## Dataset excerpts:
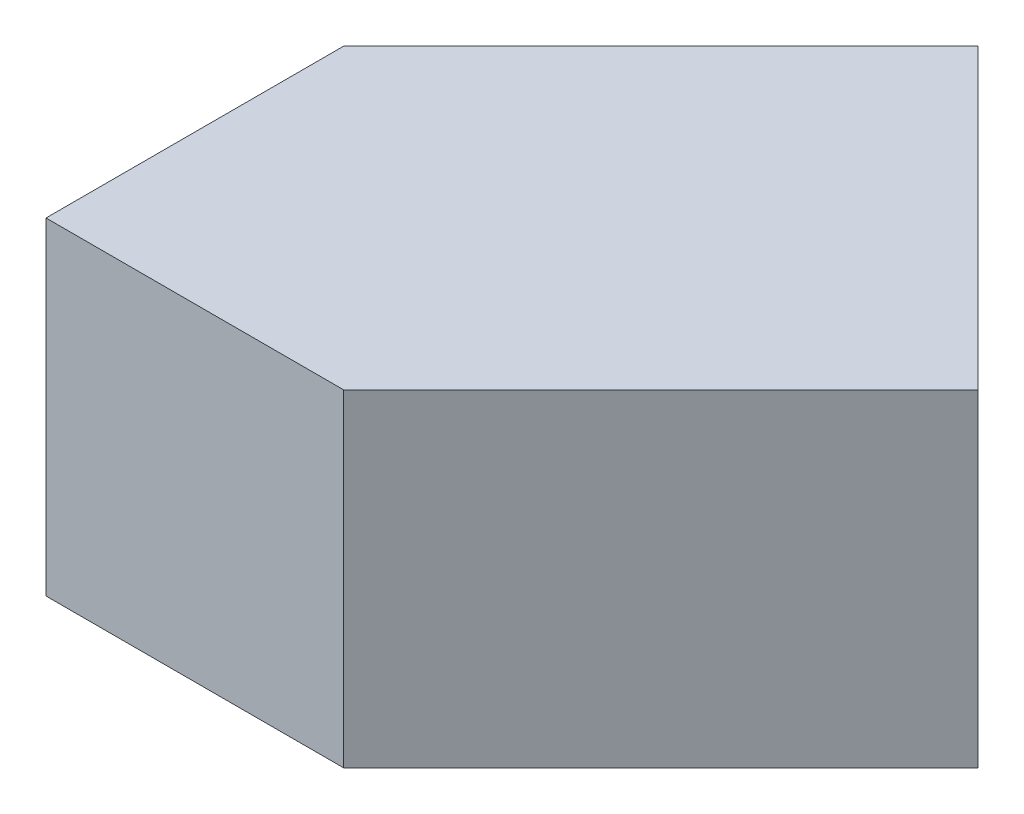
from build123d import *

# Parameters (mm, degrees)
SKETCH_1_W           = 25
SKETCH_1_H           = 25
SKETCH_1_W_2         = 20.2
SKETCH_1_H_2         = 20.2
EXTRUDE_1_DEPTH      = 20
SKETCH_2_W           = 25
SKETCH_2_H           = 25
EXTRUDE_2_DEPTH      = 7.5
EXTRUDE_3_DEPTH      = 17.67767
EXTRUDE_3_DEPTH_BACK = 20
SKETCH_3_W           = 35.35533906
SKETCH_3_H           = 27.5
SKETCH_3_W_2         = 20.2
SKETCH_3_H_2         = 20.2
SKETCH_1_3_W         = 20.2
SKETCH_1_3_H         = 20.2
CUT_EXTRUDE_1_DEPTH  = 23.85
SKETCH_3_2_W         = 20.2
SKETCH_3_2_H         = 20.2
CUT_EXTRUDE_2_DEPTH  = 20
EXTRUDE_4_REACH      = 62.275


with BuildPart() as part:
    # 스케치1 → 보스-돌출1 (new body)
    with BuildSketch(Plane(origin=(0, 0, 0), x_dir=(1, 0, 0), z_dir=(0, 1, 0))):
        Rectangle(SKETCH_1_W, SKETCH_1_H)
        Rectangle(SKETCH_1_W_2, SKETCH_1_H_2, mode=Mode.SUBTRACT)
    extrude(amount=EXTRUDE_1_DEPTH)

    # 스케치2 → 보스-돌출2 (add)
    with BuildSketch(Plane(origin=(0, 20, 0), x_dir=(1, 0, 0), z_dir=(0, 1, 0))):
        Rectangle(SKETCH_2_W, SKETCH_2_H)
    extrude(amount=EXTRUDE_2_DEPTH)

    # 스케치3 → 보스-돌출3 (add, two sides: drawn at the far end of the back side and taken through both)
    with BuildSketch(Plane(origin=(12.5, 0, -12.5), x_dir=(0.7071067811865476, 0, 0.7071067811865476), z_dir=(-0.7071067811865476, 0, 0.7071067811865476)).offset(-EXTRUDE_3_DEPTH_BACK)):
        with Locations((0, 13.75)):
            Rectangle(SKETCH_3_W, SKETCH_3_H)
        with Locations((0, 13.75)):
            Rectangle(SKETCH_3_W_2, SKETCH_3_H_2, mode=Mode.SUBTRACT)
    extrude(amount=EXTRUDE_3_DEPTH + EXTRUDE_3_DEPTH_BACK)

    # 스케치1<3> → 컷-돌출1 (cut)
    with BuildSketch(Plane(origin=(0, 0, 0), x_dir=(1, 0, 0), z_dir=(0, 1, 0))):
        Rectangle(SKETCH_1_3_W, SKETCH_1_3_H)
    extrude(amount=CUT_EXTRUDE_1_DEPTH, mode=Mode.SUBTRACT)

    # 스케치3<2> → 컷-돌출2 (cut)
    with BuildSketch(Plane(origin=(12.5, 0, -12.5), x_dir=(0.7071067811865476, 0, 0.7071067811865476), z_dir=(-0.7071067811865476, 0, 0.7071067811865476))):
        with Locations((0, 13.75)):
            Rectangle(SKETCH_3_2_W, SKETCH_3_2_H)
    extrude(amount=CUT_EXTRUDE_2_DEPTH, mode=Mode.SUBTRACT)

    # 스케치5 → 보스-돌출4 (add, up to next)
    with BuildSketch(Plane(origin=(0, 3.65, 0), x_dir=(1, 0, 0), z_dir=(0, 1, 0)), mode=Mode.PRIVATE) as extrude_4_sk1:
        Polygon((19.64177849, 5.35822151), (5.35822151, 19.64177849), (-4.18355698, 10.1), (10.1, 10.1), (10.1, -4.18355698), align=None)
    extrude_4_tool1 = extrude(extrude_4_sk1.sketch, amount=EXTRUDE_4_REACH, mode=Mode.PRIVATE) - part.part
    add(extrude_4_tool1.solids().sort_by_distance((12.261747, 3.65, -12.261747))[0])


solid = part.part

## What you should do:
Lines with the word "SUBTRACT" in them: report all of these from the listing above.

## Answer for this exercise:
        Rectangle(SKETCH_1_W_2, SKETCH_1_H_2, mode=Mode.SUBTRACT)
            Rectangle(SKETCH_3_W_2, SKETCH_3_H_2, mode=Mode.SUBTRACT)
    extrude(amount=CUT_EXTRUDE_1_DEPTH, mode=Mode.SUBTRACT)
    extrude(amount=CUT_EXTRUDE_2_DEPTH, mode=Mode.SUBTRACT)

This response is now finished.